As a celebrity, you always have an event to go to. I’m not a celebrity, but I know how this works. You have an event every single night. Whether it’s a charity gala, or a movie premiere, or just a night home Instagramming selfies. Because even if you do end up home alone, you get to do it in your home, so it’s an event.

Your home probably has an outdoor kitchen. And food in the fridge. And clean surfaces. You know, the PERKS that come with being a celeb. What I’m saying is loneliness feels like a present when it comes in a nice package.

What You Get In The Mail on Valentine’s Day:

For a nolebrity, that’s an easy answer. Nothing. Nothing out of the ordinary, I should say. Sure, the Anthropologie catalog might happen to show up on that day, but that’s just a coincidence. Don’t you dare try to read into that timing. Anthropologie does not love you back. It doesn’t. Stop it. It doesn’t.
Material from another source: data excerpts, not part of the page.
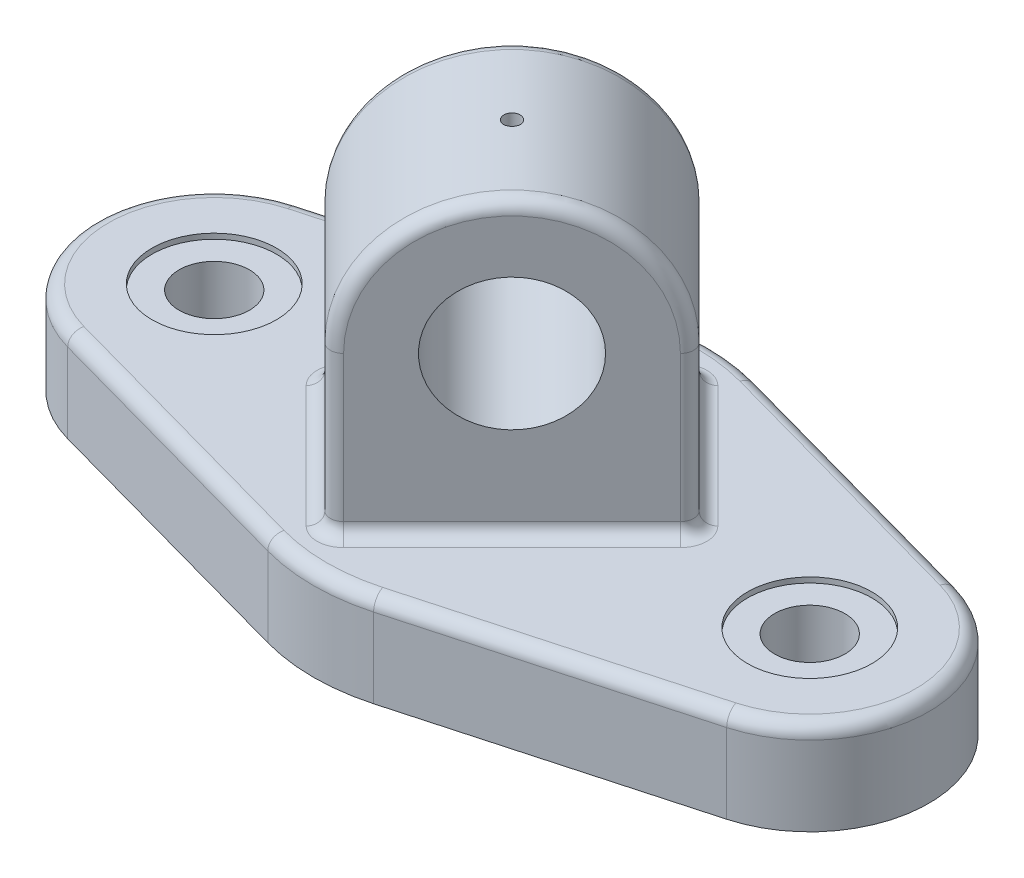
from build123d import *

# Parameters (mm, degrees)
BOSS_EXTRUDE2_DEPTH                = 17.78
SKETCH2_R                          = 6.7437
CUT_EXTRUDE1_DEPTH                 = 91.384393011
SKETCH3_R                          = 11.938
CUT_EXTRUDE2_DEPTH                 = 1.016
BOSS_EXTRUDE3_DEPTH                = 19.05
BOSS_EXTRUDE3_DEPTH_BACK           = 19.05
SKETCH9_R                          = 12.7
CUT_EXTRUDE5_DEPTH                 = 130.70690942
F_1_8_0_125_DIAMETER_HOLE14_REACH  = 117.235
F_1_8_0_125_DIAMETER_HOLE14_BORE_R = 1.5875
FILLET1_R                          = 2.54


with BuildPart() as part:
    # Sketch1 → Boss-Extrude2 (new body)
    with BuildSketch(Plane(origin=(0, 0, 0), x_dir=(1, 0, 0), z_dir=(0, 1, 0))):
        with BuildLine():
            Line((-63.246, 22.032212417), (-10.16, 36.720354029))
            ThreePointArc((-10.16, 36.720354029), (0, 38.1), (10.16, 36.720354029))
            Line((10.16, 36.720354029), (63.246, 22.032212417))
            ThreePointArc((63.246, 22.032212417), (80.01, 0), (63.246, -22.032212417))
            Line((63.246, -22.032212417), (10.16, -36.720354029))
            ThreePointArc((10.16, -36.720354029), (0, -38.1), (-10.16, -36.720354029))
            Line((-10.16, -36.720354029), (-63.246, -22.032212417))
            ThreePointArc((-63.246, -22.032212417), (-80.01, 0), (-63.246, 22.032212417))
        make_face()
    extrude(amount=BOSS_EXTRUDE2_DEPTH)

    # Sketch2 → Cut-Extrude1 (cut, through all)
    with BuildSketch(Plane(origin=(0, 17.78, 0), x_dir=(1, 0, 0), z_dir=(0, 1, 0))):
        with Locations(Location((-57.15, 0, 0), (0, 0, 270))):
            Circle(SKETCH2_R)
    cut_extrude1 = extrude(amount=-CUT_EXTRUDE1_DEPTH, mode=Mode.SUBTRACT)

    # Sketch3 → Cut-Extrude2 (cut)
    with BuildSketch(Plane(origin=(0, 17.78, 0), x_dir=(1, 0, 0), z_dir=(0, 1, 0))):
        with Locations(Location((-57.15, 0, 0), (0, 0, 270))):
            Circle(SKETCH3_R)
    cut_extrude2 = extrude(amount=-CUT_EXTRUDE2_DEPTH, mode=Mode.SUBTRACT)

    # Mirror1: Cut-Extrude1, Cut-Extrude2 across plane
    add(cut_extrude1.mirror(Plane(origin=(0, 0, 0), x_dir=(0, 0, 1), z_dir=(1, 0, 0))), mode=Mode.SUBTRACT)
    add(cut_extrude2.mirror(Plane(origin=(0, 0, 0), x_dir=(0, 0, 1), z_dir=(1, 0, 0))), mode=Mode.SUBTRACT)

    # Sketch8 → Boss-Extrude3 (add, two sides)
    with BuildSketch(Plane(origin=(0, 0, 0), x_dir=(0, -1, 0), z_dir=(0.7071067811865464, 0, 0.7071067811865488))) as boss_extrude3_sk:
        with BuildLine():
            Line((-48.26, -25.4), (-17.78, -25.4))
            Line((-17.78, -25.4), (-17.78, 25.4))
            Line((-17.78, 25.4), (-48.26, 25.4))
            ThreePointArc((-48.26, 25.4), (-73.66, 0), (-48.26, -25.4))
        make_face()
    extrude(amount=BOSS_EXTRUDE3_DEPTH)
    extrude(boss_extrude3_sk.sketch, amount=-BOSS_EXTRUDE3_DEPTH_BACK)

    # Sketch9 → Cut-Extrude5 (cut, through all)
    with BuildSketch(Plane(origin=(13.470384182, 0, 13.470384182), x_dir=(0.7071067811865487, 0, -0.7071067811865465), z_dir=(0.7071067811865465, 0, 0.7071067811865487))):
        with Locations((0, 48.26)):
            Circle(SKETCH9_R)
    extrude(amount=-CUT_EXTRUDE5_DEPTH, mode=Mode.SUBTRACT)

    # 1_8 _0.125_ Diameter Hole14 bore → 1_8 _0.125_ Diameter Hole14 (cut, up to next)
    with BuildSketch(Plane(origin=(0, 73.66, 0), x_dir=(1, 0, 0), z_dir=(0, 1, 0)), mode=Mode.PRIVATE) as f_1_8_0_125_diameter_hole14_sk1:
        Circle(F_1_8_0_125_DIAMETER_HOLE14_BORE_R)
    f_1_8_0_125_diameter_hole14_tool1 = extrude(f_1_8_0_125_diameter_hole14_sk1.sketch, amount=-F_1_8_0_125_DIAMETER_HOLE14_REACH, mode=Mode.PRIVATE) & part.part
    add(f_1_8_0_125_diameter_hole14_tool1.solids().sort_by_distance((0, 73.66, 0))[0], mode=Mode.SUBTRACT)

    # Fillet1
    fillet1_edges = [part.edges().sort_by_distance(p)[0] for p in [
        (0, 17.78, 38.1),
        (36.703, 17.78, 29.376283223),
        (80.01, 17.78, 0),
        (36.703, 17.78, -29.376283223),
        (0, 17.78, -38.1),
        (-36.703, 17.78, -29.376283223),
        (-80.01, 17.78, 0),
        (4.490128061, 33.02, -31.430896424),
        (17.960512242, 17.78, -17.960512242),
        (-13.470384182, 17.78, -13.470384182),
        (-17.960512242, 17.78, 17.960512242),
        (-31.430896424, 33.02, 4.490128061),
        (-13.470384182, 73.66, -13.470384182),
        (31.430896424, 33.02, -4.490128061),
        (13.470384182, 73.66, 13.470384182),
        (-4.490128061, 33.02, 31.430896424),
        (13.470384182, 17.78, 13.470384182),
        (-36.703, 17.78, 29.376283223),
    ]]
    fillet(fillet1_edges, radius=FILLET1_R)


solid = part.part

At your age, you can’t even hope for the platonic Valentine’s Day card. You know what I’m talking about. The one that Matthew Sanders put on your desk in 4th Grade that said “Hey Valentine, You Rock!” with a picture of an off-brand super hero punching the air. And you knew you knew you knew that was the most un-romantic option in the whole punch-out sheet and he gave it to you for a reason, but still, it was a Valentine from Matthew Sanders, so it could be worse.

Yeah, those don’t exist anymore.

But as a celebrity, every mail day is a payday. First, I mean that quite literally. You get residual checks all the time and you probably will get one on Valentine’s Day. So that’s great. You are actually getting money on Valentine’s Day.

But aside from that, you probably get something exciting every day. A freebie from a designer, fan mail, some new sheets. (I assume celebrities order new sheets every time theirs get dirty.) You will get a “gift” even if it’s not a gift. And that makes it better for you than for us.

I hope I don’t sound insensitive when I say I assume even the most insurmountable feelings of loneliness must feel better when you’re a celebrity. Because you’re feeling them in really great cashmere. And that counts for a lot.